Lecture 19
Duke University
STA 101 - Fall 2023
My office hours:
Tuesday, 10-11am (Old Chem 213)
Tuesday, 4:30-5:30pm (Old Chem 213)
TA office hours: https://sta101-f23.github.io/course-team.html
No office hours Wed 12:30pm to Fri 5pm
First:
Vote on Canvas under 2023-11-13 Check-in
with the access code twoway
.
Then:
Go to Posit Cloud and continue the project titled ae-14 - Candidate talk
.
A study suggests that the 25% of 25 year olds have gotten married. You believe that this is incorrect and decide to collect your own sample for a hypothesis test. From a random sample of 25 year olds in census data with size 776, you find that 24% of them are married.
What is 776? What is 24%?
A study suggests that the 25% of 25 year olds have gotten married. You believe that this is incorrect and decide to collect your own sample for a hypothesis test. From a random sample of 25 year olds in census data with size 776, you find that 24% of them are married. A friend of yours offers to help you with setting up the hypothesis test and comes up with the following hypotheses. Indicate any errors you see.

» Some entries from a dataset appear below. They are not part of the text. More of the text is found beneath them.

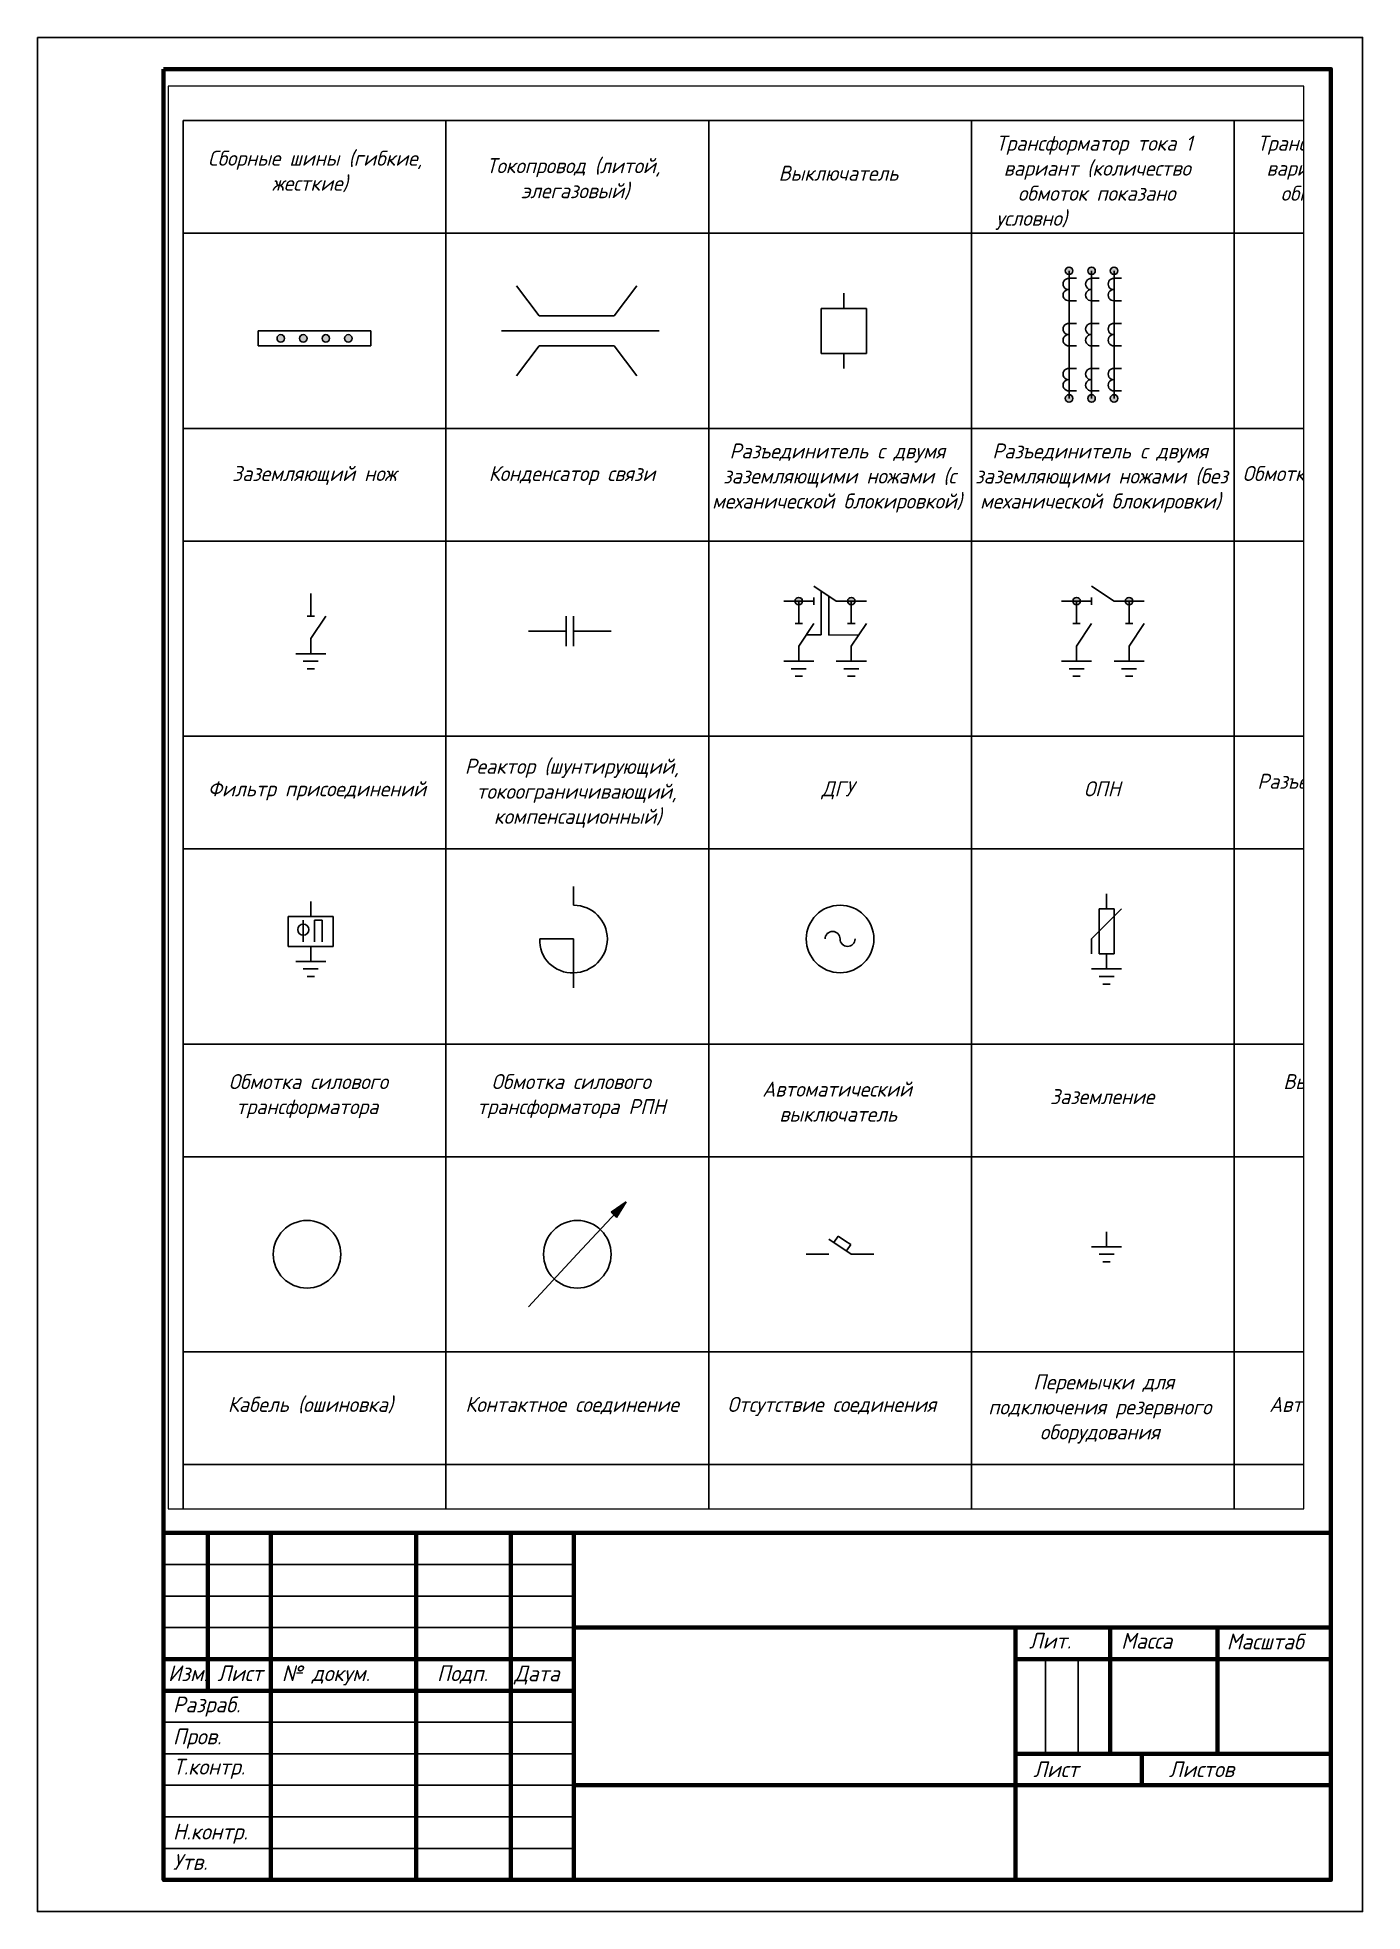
# Paper-space layout 'А4' of a CAD drawing. Header units: millimetres. Extents: x -1 to 209, y -1 to 296.
# The model-space entities are those that its viewports show. They can reach past a viewport. Long polylines and large blocks are cut down to what shows.
import ezdxf

# ---------------------------------------------------------------- set-up
doc = ezdxf.new("R2010")
doc.units = ezdxf.units.MM
doc.linetypes.add('JIS_02_2.0', pattern=[3, 2, -1])
doc.layers.get('Defpoints').update_dxf_attribs({"color": 52})
doc.layers.add('вспомогательные линии', color=11, linetype='Continuous', lineweight=30, transparency=0.5)
for name, color, linetype, lineweight in [('основные линии', 250, 'Continuous', 80), ('рамка-основные линии', 50, 'Continuous', 80), ('рамка-тонкие линии', 160, 'Continuous', 30), ('штриховые линии', 250, 'JIS_02_2.0', 30)]:
    doc.layers.add(name, color=color, linetype=linetype, lineweight=lineweight)
doc.layers.add('текст', color=170, linetype='Continuous')
doc.styles.add('стиль 2.5 ГОСТ', font='GOST type B.ttf', dxfattribs={"oblique": 15, "height": 2.5})
doc.styles.add('стиль 5 ГОСТ', font='GOST type B.ttf', dxfattribs={"oblique": 15, "height": 5})

msp = doc.modelspace()

# ---------------------------------------------------------------- hatches: boundary and pattern name
at = {"layer": 'основные линии', "lineweight": 30}
h = msp.add_hatch(color=256, dxfattribs=at)
h.dxf.hatch_style = 1
h.paths.add_polyline_path([(-90107.5, 133090, 1), (-90112.5, 133090, 1)])
h.paths.add_polyline_path([(-90092.5, 133090, 1), (-90097.5, 133090, 1)])
h.paths.add_polyline_path([(-90077.5, 133090, 1), (-90082.5, 133090, 1)])
h.paths.add_polyline_path([(-90107.5, 133175, 1), (-90112.5, 133175, 1)])
h.paths.add_polyline_path([(-90097.5, 133175, 1), (-90092.5, 133175, 1)])
h.paths.add_polyline_path([(-90082.5, 133175, 1), (-90077.5, 133175, 1)])
h = msp.add_hatch(color=256, dxfattribs=at)
h.dxf.hatch_style = 1
h.paths.add_polyline_path([(-90632.5, 133130, 1), (-90637.5, 133130, 1)])
h.paths.add_polyline_path([(-90617.5, 133130, 1), (-90622.5, 133130, 1)])
h.paths.add_polyline_path([(-90602.5, 133130, 1), (-90607.5, 133130, 1)])
h.paths.add_polyline_path([(-90587.5, 133130, 1), (-90592.5, 133130, 1)])
h = msp.add_hatch(color=256, dxfattribs=at)
h.dxf.hatch_style = 1
h.paths.add_polyline_path([(-90292.5, 132955), (-90290, 132955), (-90287.5, 132955, 1)])
h.paths.add_polyline_path([(-90287.5, 132955), (-90290, 132955), (-90290, 132952.5, 0.414214)])
h.paths.add_polyline_path([(-90290, 132955), (-90292.5, 132955, 0.414214), (-90290, 132952.5)])
h.paths.add_polyline_path([(-90257.5, 132955), (-90255, 132955), (-90252.5, 132955, 1)])
h.paths.add_polyline_path([(-90255, 132955), (-90257.5, 132955, 0.414214), (-90255, 132952.5)])
h.paths.add_polyline_path([(-90252.5, 132955), (-90255, 132955), (-90255, 132952.5, 0.414214)])
h = msp.add_hatch(color=256, dxfattribs=at)
h.dxf.hatch_style = 1
h.paths.add_polyline_path([(-90107.5, 132955), (-90105, 132955), (-90102.5, 132955, 1)])
h.paths.add_polyline_path([(-90102.5, 132955), (-90105, 132955), (-90105, 132952.5, 0.414214)])
h.paths.add_polyline_path([(-90105, 132955), (-90107.5, 132955, 0.414214), (-90105, 132952.5)])
h.paths.add_polyline_path([(-90072.5, 132955), (-90070, 132955), (-90067.5, 132955, 1)])
h.paths.add_polyline_path([(-90070, 132955), (-90072.5, 132955, 0.414214), (-90070, 132952.5)])
h.paths.add_polyline_path([(-90067.5, 132955), (-90070, 132955), (-90070, 132952.5, 0.414214)])
h = msp.add_hatch(color=256, dxfattribs=at)
h.dxf.hatch_style = 1
h.paths.add_polyline_path([(-90405, 132555), (-90414.9, 132548), (-90413.2, 132546.2)])
h.paths.add_polyline_path([(-90405, 132555), (-90413.2, 132546.2), (-90411.4, 132544.4)])

# ---------------------------------------------------------------- linework, layer by layer
at = {"layer": 'вспомогательные линии', "lineweight": 30}
for q in [(-90414.9, 132548), (-90411.4, 132544.4)]:
    msp.add_line((-90413.2, 132546.2), q, dxfattribs=at)
at = {"layer": 'основные линии', "lineweight": 30}
for p, q in [((-90462.9, 133145), (-90477.9, 133165)), ((-90412.9, 133145), (-90397.9, 133165)), ((-90110, 133175), (-90110, 133090)), ((-90105, 133170), (-90110, 133170)), ((-90110, 133170), (-90110, 133162.5)), ((-90095, 133175), (-90095, 133090)), ((-90090, 133170), (-90095, 133170)), ((-90080, 133090), (-90080, 133175)), ((-90075, 133170), (-90080, 133170)), ((-90260, 133150), (-90260, 133160)), ((-90105, 133155), (-90110, 133155)), ((-90090, 133155), (-90095, 133155)), ((-90075, 133155), (-90080, 133155)), ((-90462.9, 133145), (-90412.9, 133145)), ((-90275, 133135), (-90275, 133150)), ((-90275, 133150), (-90245, 133150)), ((-90245, 133150), (-90245, 133120)), ((-90105, 133140), (-90110, 133140)), ((-90090, 133140), (-90095, 133140)), ((-90075, 133140), (-90080, 133140)), ((-90650, 133135), (-90650, 133125)), ((-90575, 133135), (-90650, 133135)), ((-90575, 133125), (-90575, 133135)), ((-90487.9, 133135), (-90382.9, 133135)), ((-90275, 133120), (-90275, 133135)), ((-90650, 133125), (-90575, 133125)), ((-90462.9, 133125), (-90477.9, 133105)), ((-90462.9, 133125), (-90412.9, 133125)), ((-90412.9, 133125), (-90397.9, 133105)), ((-90245, 133120), (-90275, 133120)), ((-90260, 133120), (-90260, 133110)), ((-90105, 133125), (-90110, 133125)), ((-90090, 133125), (-90095, 133125)), ((-90075, 133125), (-90080, 133125)), ((-90105, 133110), (-90110, 133110)), ((-90090, 133110), (-90095, 133110)), ((-90075, 133110), (-90080, 133110)), ((-90105, 133095), (-90110, 133095)), ((-90090, 133095), (-90095, 133095)), ((-90075, 133095), (-90080, 133095)), ((-90265, 132955), (-90280, 132965)), ((-90080, 132955), (-90095, 132965)), ((-90615, 132960), (-90615, 132945)), ((-90300, 132955), (-90290, 132955)), ((-90290, 132955), (-90280, 132955)), ((-90290, 132955), (-90290, 132940)), ((-90280, 132955), (-90280, 132957.5)), ((-90280, 132955), (-90280, 132952.5)), ((-90265, 132955), (-90255, 132955)), ((-90255, 132955), (-90245, 132955)), ((-90255, 132955), (-90255, 132940)), ((-90115, 132955), (-90105, 132955)), ((-90105, 132955), (-90095, 132955)), ((-90105, 132955), (-90105, 132940)), ((-90095, 132955), (-90095, 132957.5)), ((-90095, 132955), (-90095, 132952.5)), ((-90080, 132955), (-90070, 132955)), ((-90070, 132955), (-90060, 132955)), ((-90070, 132955), (-90070, 132940)), ((-90615, 132945), (-90617.5, 132945)), ((-90615, 132945), (-90612.5, 132945)), ((-90615, 132930), (-90605, 132945)), ((-90445, 132935), (-90445, 132945)), ((-90440, 132925), (-90440, 132945)), ((-90290, 132940), (-90292.5, 132940)), ((-90290, 132940), (-90287.5, 132940)), ((-90290, 132925), (-90280, 132940)), ((-90255, 132940), (-90257.5, 132940)), ((-90255, 132940), (-90252.5, 132940)), ((-90255, 132925), (-90245, 132940)), ((-90105, 132940), (-90107.5, 132940)), ((-90105, 132940), (-90102.5, 132940)), ((-90105, 132925), (-90095, 132940)), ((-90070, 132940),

\[ \begin{aligned} H_0: \hat{p} = 0.24 \\ H_A: \hat{p} \ne 0.24 \end{aligned} \]
A citizen science project on which type of enclosed spaces cats are most likely to sit in compared (among other options) two different spaces taped to the ground. The first was a square, and the second was a shape known as Kanizsa square illusion. When comparing the two options given to 7 cats, 5 chose the square, and 2 chose the Kanizsa square illusion. We are interested to know whether these data provide convincing evidence that cats prefer one of the shapes over the other.
What are the null and alternative hypotheses for evaluating whether these data provide convincing evidence that cats have preference for one of the shapes.
A parametric bootstrap simulation (with 1,000 bootstrap samples) was run and the resulting null distribution is displayed in the histogram below. Find the p-value using this distribution and conclude the hypothesis test in the context of the problem.
The 2018 General Social Survey asked a random sample of 1,563 US adults: “Do you think the use of marijuana should be made legal, or not?” 60% of the respondents said it should be made legal. Consider a scenario where, in order to become legal, 55% (or more) of voters must approve.
What are the null and alternative hypotheses for evaluating whether these data provide convincing evidence that, if voted on, marijuana would be legalized in the US.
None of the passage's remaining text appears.